Beneath this line is the data. Output exactly the lines from the line with "4.461501876), (0.25, 4.493050189))" to the line with "r_p_tition_circulaire1_axis = Axis((0, 0, 0), (0, 0, 1))", both ends included, and nothing more.
━━━━━ SOURCE MATERIAL
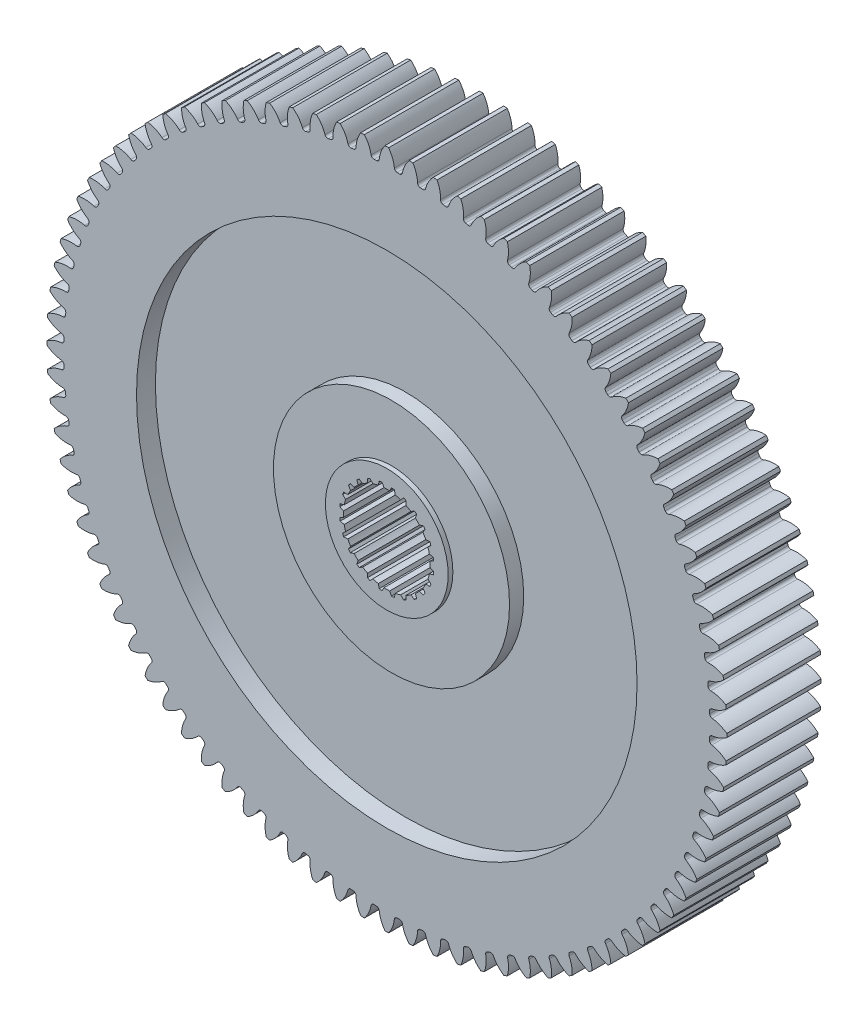
from build123d import *

# Parameters (mm, degrees)
ENL_V_MAT_EXTRU_1_DEPTH      = 52.15662225
R_P_TITION_CIRCULAIRE1_COUNT = 24
ENL_V_MAT_EXTRU_2_DEPTH      = 52.15662225
R_P_TITION_CIRCULAIRE2_COUNT = 88


with BuildPart() as part:
    # Esquisse1 → Révolution1 (revolve)
    with BuildSketch(Plane(origin=(0, 0, 0), x_dir=(0, 0, -1), z_dir=(1, 0, 0))):
        Polygon((-5, 4.6), (5, 4.6), (5, 6.5), (4.5, 6.5), (4.5, 12.5), (3, 12.5), (3, 26.5), (5, 26.5), (5, 36), (-5, 36), (-5, 26.5), (-3, 26.5), (-3, 12.5), (-4.5, 12.5), (-4.5, 6.5), (-5, 6.5), align=None)
    revolve(axis=Axis((0, 0, 15.512195122), (0, 0, -1)))

    # Esquisse2 → Enlèv. mat.-Extru.1 (cut, symmetric)
    with BuildSketch(Plane.XY):
        with BuildLine():
            Line((0.25, 4.493050189), (0.5, 4.974937186))
            ThreePointArc((0.5, 4.974937186), (0.652630961, 4.957224307), (0.804645579, 4.934829834))
            Line((0.804645579, 4.934829834), (0.921405503, 4.404657978))
            ThreePointArc((0.921405503, 4.404657978), (0.587367865, 4.461501876), (0.25, 4.493050189))
        make_face()
    enl_v_mat_extru_1 = extrude(amount=ENL_V_MAT_EXTRU_1_DEPTH, both=True, mode=Mode.SUBTRACT)

    # Répétition circulaire1: Enlèv. mat.-Extru.1 ×24 about axis
    r_p_tition_circulaire1_axis = Axis((0, 0, 0), (0, 0, 1))
    for i in range(1, R_P_TITION_CIRCULAIRE1_COUNT):
        add(enl_v_mat_extru_1.rotate(r_p_tition_circulaire1_axis, i * 360 / R_P_TITION_CIRCULAIRE1_COUNT), mode=Mode.SUBTRACT)

    # Esquisse3 → Enlèv. mat.-Extru.2 (cut, symmetric)
    with BuildSketch(Plane.XY):
        with BuildLine():
            ThreePointArc((1.350603123, 34.173321044), (1.220677817, 34.178208637), (1.090734869, 34.182602263))
            ThreePointArc((1.090734869, 34.182602263), (0.896560366, 34.262247349), (0.80209981, 34.449662077))
            ThreePointArc((0.80209981, 34.449662077), (0.601789765, 35.264614462), (0.196489878, 35.99946377))
            ThreePointArc((0.196489878, 35.99946377), (1.284924018, 35.977061724), (2.372183097, 35.92175869))
            ThreePointArc((2.372183097, 35.92175869), (1.915492317, 35.217695457), (1.657554603, 34.419109432))
            ThreePointArc((1.657554603, 34.419109432), (1.549964707, 34.238910954), (1.350603123, 34.173321044))
        make_face()
    enl_v_mat_extru_2 = extrude(amount=ENL_V_MAT_EXTRU_2_DEPTH, both=True, mode=Mode.SUBTRACT)

    # Répétition circulaire2: Enlèv. mat.-Extru.2 ×88 about axis
    r_p_tition_circulaire2_axis = Axis((0, 0, 0), (0, 0, 1))
    for i in range(1, R_P_TITION_CIRCULAIRE2_COUNT):
        add(enl_v_mat_extru_2.rotate(r_p_tition_circulaire2_axis, i * 360 / R_P_TITION_CIRCULAIRE2_COUNT), mode=Mode.SUBTRACT)


solid = part.part
━━━━━━━━━━
§ **RESULT OF THE EXERCISE**
            ThreePointArc((0.921405503, 4.404657978), (0.587367865, 4.461501876), (0.25, 4.493050189))
        make_face()
    enl_v_mat_extru_1 = extrude(amount=ENL_V_MAT_EXTRU_1_DEPTH, both=True, mode=Mode.SUBTRACT)

    # Répétition circulaire1: Enlèv. mat.-Extru.1 ×24 about axis
    r_p_tition_circulaire1_axis = Axis((0, 0, 0), (0, 0, 1))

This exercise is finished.